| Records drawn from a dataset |
# # #

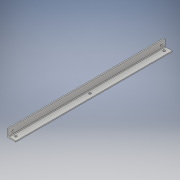
# Autodesk Inventor part: Part2
Saved by Autodesk Inventor 2017 (Build 210142000, 142)
## iProperties
Created: 2018-10-17
Part Number: Part2
Material: Generic
Document SubType Name: Modeling
Designer: ddeboer
Density: 1 g/cm^3
Appearance: Default
Author: ddeboer
Autodesk Inventor part; units mm, degrees
ref_plane "YZ Plane" through (0, 0, 0) normal (1, 0, 0) x (0, 1, 0)
ref_plane "XZ Plane" through (0, 0, 0) normal (0, 1, 0) x (-1, 0, 0)
ref_plane "XY Plane" through (0, 0, 0) normal (0, 0, 1) x (1, 0, 0)
sketch "Sketch1" plane through (0, 0, 0) normal (0, 0, 1) x (1, 0, 0)
  line L0 (0, 25.4) -> (0, 0)
  line L1 (0, 0) -> (25.4, 0)
  line L2 (3.175, 25.4) -> (3.175, 4.953)
  line L3 (4.953, 3.175) -> (25.4, 3.175)
  line L4 (0, 25.4) -> (3.175, 25.4)
  line L5 (25.4, 3.175) -> (25.4, 0)
  arc A0 (3.175, 4.953) -> (4.953, 3.175) centre (4.953, 4.953) ccw
  point P0 (3.175, 3.175)
  dimension "d0" = 25.4
  dimension "d1" = 25.4
  dimension "d2" = 3.175
  dimension "d21" = 1.778
  constraints: 14 end point, 2 perpendicular, 2 point on circle, 2 point on line, 2 tangent, 2 vertical, 1 centre point, 1 horizontal, 1 other
  measures "d0" distance of L0.start L0.end
  measures "d1" distance of L0.end L1.end
  measures "d2" distance between parallel lines of L2 L0
  measures "d21" radius of A0
extrude "Extrusion1" add sketch "Sketch1" along normal blind 492.125
sketch "Sketch2" plane through (3.175, 3.175, 0) normal (0, 1, 0) x (1, 0, 0)
  circle A0 centre (9.525, -479.425) radius 2.8398
  line L0 (22.225, -492.125) -> (1.778, -492.125) projected
  line L1 (22.225, 0) -> (22.225, -492.125) projected
  circle A1 centre (9.525, -12.7) radius 2.8398
  line L2 (22.225, 0) -> (1.778, 0) projected
  point P0 (-3.175, 0)
  point P1 (0, -501.65)
  point P2 (1.778, -492.125)
  dimension "d5" = 12.7
  dimension "d6" = 12.7
  dimension "d9" = 466.725
  dimension "d31" = 12.7
  constraints: 2 centre point, 1 vertical, 3 other
  measures "d6" distance from line of A0.centre L1
  measures "d9" distance of A0.centre A1.centre
  measures "d31" distance from line of A1.centre L2
hole "Hole1" at (12.7, 3.175, 479.425) at (12.7, 3.175, 12.7) direction (0, -1, 0) diameter 7.1374 depth 25.4 tip angle 118 clearance for "Flat Head Machine Screw (82)" size "1/4" standard "Ansi Unified Screw Threads"
sketch "Sketch5" plane through (4.953, 3.175, 0) normal (0, 1, 0) x (1, 0, 0)
  circle A0 centre (7.747, -479.425) radius 3.5687 projected
  circle A1 centre (7.747, -12.7) radius 3.5687 projected
  line L0 (7.747, -479.425) -> (7.747, -12.7) construction
  circle A2 centre (7.747, -246.0625) radius 2.5527
  point P0 (-4.953, 0)
  constraints: 2 end point, 1 centre point, 1 midpoint, 1 vertical
hole "Hole2" at (12.7, 3.175, 246.0625) direction (0, -1, 0) diameter 7.1374 depth 25.4 tip angle 118 clearance for "Flat Head Machine Screw (82)" size "1/4" standard "Ansi Unified Screw Threads"
sketch "Sketch6" plane through (3.175, 4.953, 0) normal (1, 0, 0) x (0, 0, -1)
  circle A0 centre (-479.425, 7.747) radius 3.2153
  line L0 (-492.125, 0) -> (-492.125, 20.447) projected
  line L1 (0, 20.447) -> (-492.125, 20.447) projected
  circle A1 centre (-12.7, 7.747) radius 3.3329
  point P0 (0, -4.953)
  dimension "d32" = 12.7
  dimension "d33" = 12.7
  dimension "d34" = 466.725
  dimension "d35" = 12.7
  constraints: 2 centre point
  measures "d32" distance from line of A0.centre L0
  measures "d33" distance from line of A0.centre L1
  measures "d34" distance of A1.centre A0.centre
  measures "d35" distance from line of A1.centre L1
hole "Hole3" at (3.175, 12.7, 479.425) at (3.175, 12.7, 12.7) direction (-1, 0, 0) diameter 7.1374 depth 25.4 tip angle 118 clearance for "Flat Head Machine Screw (82)" size "1/4" standard "Ansi Unified Screw Threads"
body "Solid1"

# # #

| Problem requirements |
Exact copies of the lines from the one holding "0) x (0, 0, -1)" to the end of the entries are all that should be written.

| Worked solution |
sketch "Sketch6" plane through (3.175, 4.953, 0) normal (1, 0, 0) x (0, 0, -1)
  circle A0 centre (-479.425, 7.747) radius 3.2153
  line L0 (-492.125, 0) -> (-492.125, 20.447) projected
  line L1 (0, 20.447) -> (-492.125, 20.447) projected
  circle A1 centre (-12.7, 7.747) radius 3.3329
  point P0 (0, -4.953)
  dimension "d32" = 12.7
  dimension "d33" = 12.7
  dimension "d34" = 466.725
  dimension "d35" = 12.7
  constraints: 2 centre point
  measures "d32" distance from line of A0.centre L0
  measures "d33" distance from line of A0.centre L1
  measures "d34" distance of A1.centre A0.centre
  measures "d35" distance from line of A1.centre L1
hole "Hole3" at (3.175, 12.7, 479.425) at (3.175, 12.7, 12.7) direction (-1, 0, 0) diameter 7.1374 depth 25.4 tip angle 118 clearance for "Flat Head Machine Screw (82)" size "1/4" standard "Ansi Unified Screw Threads"
body "Solid1"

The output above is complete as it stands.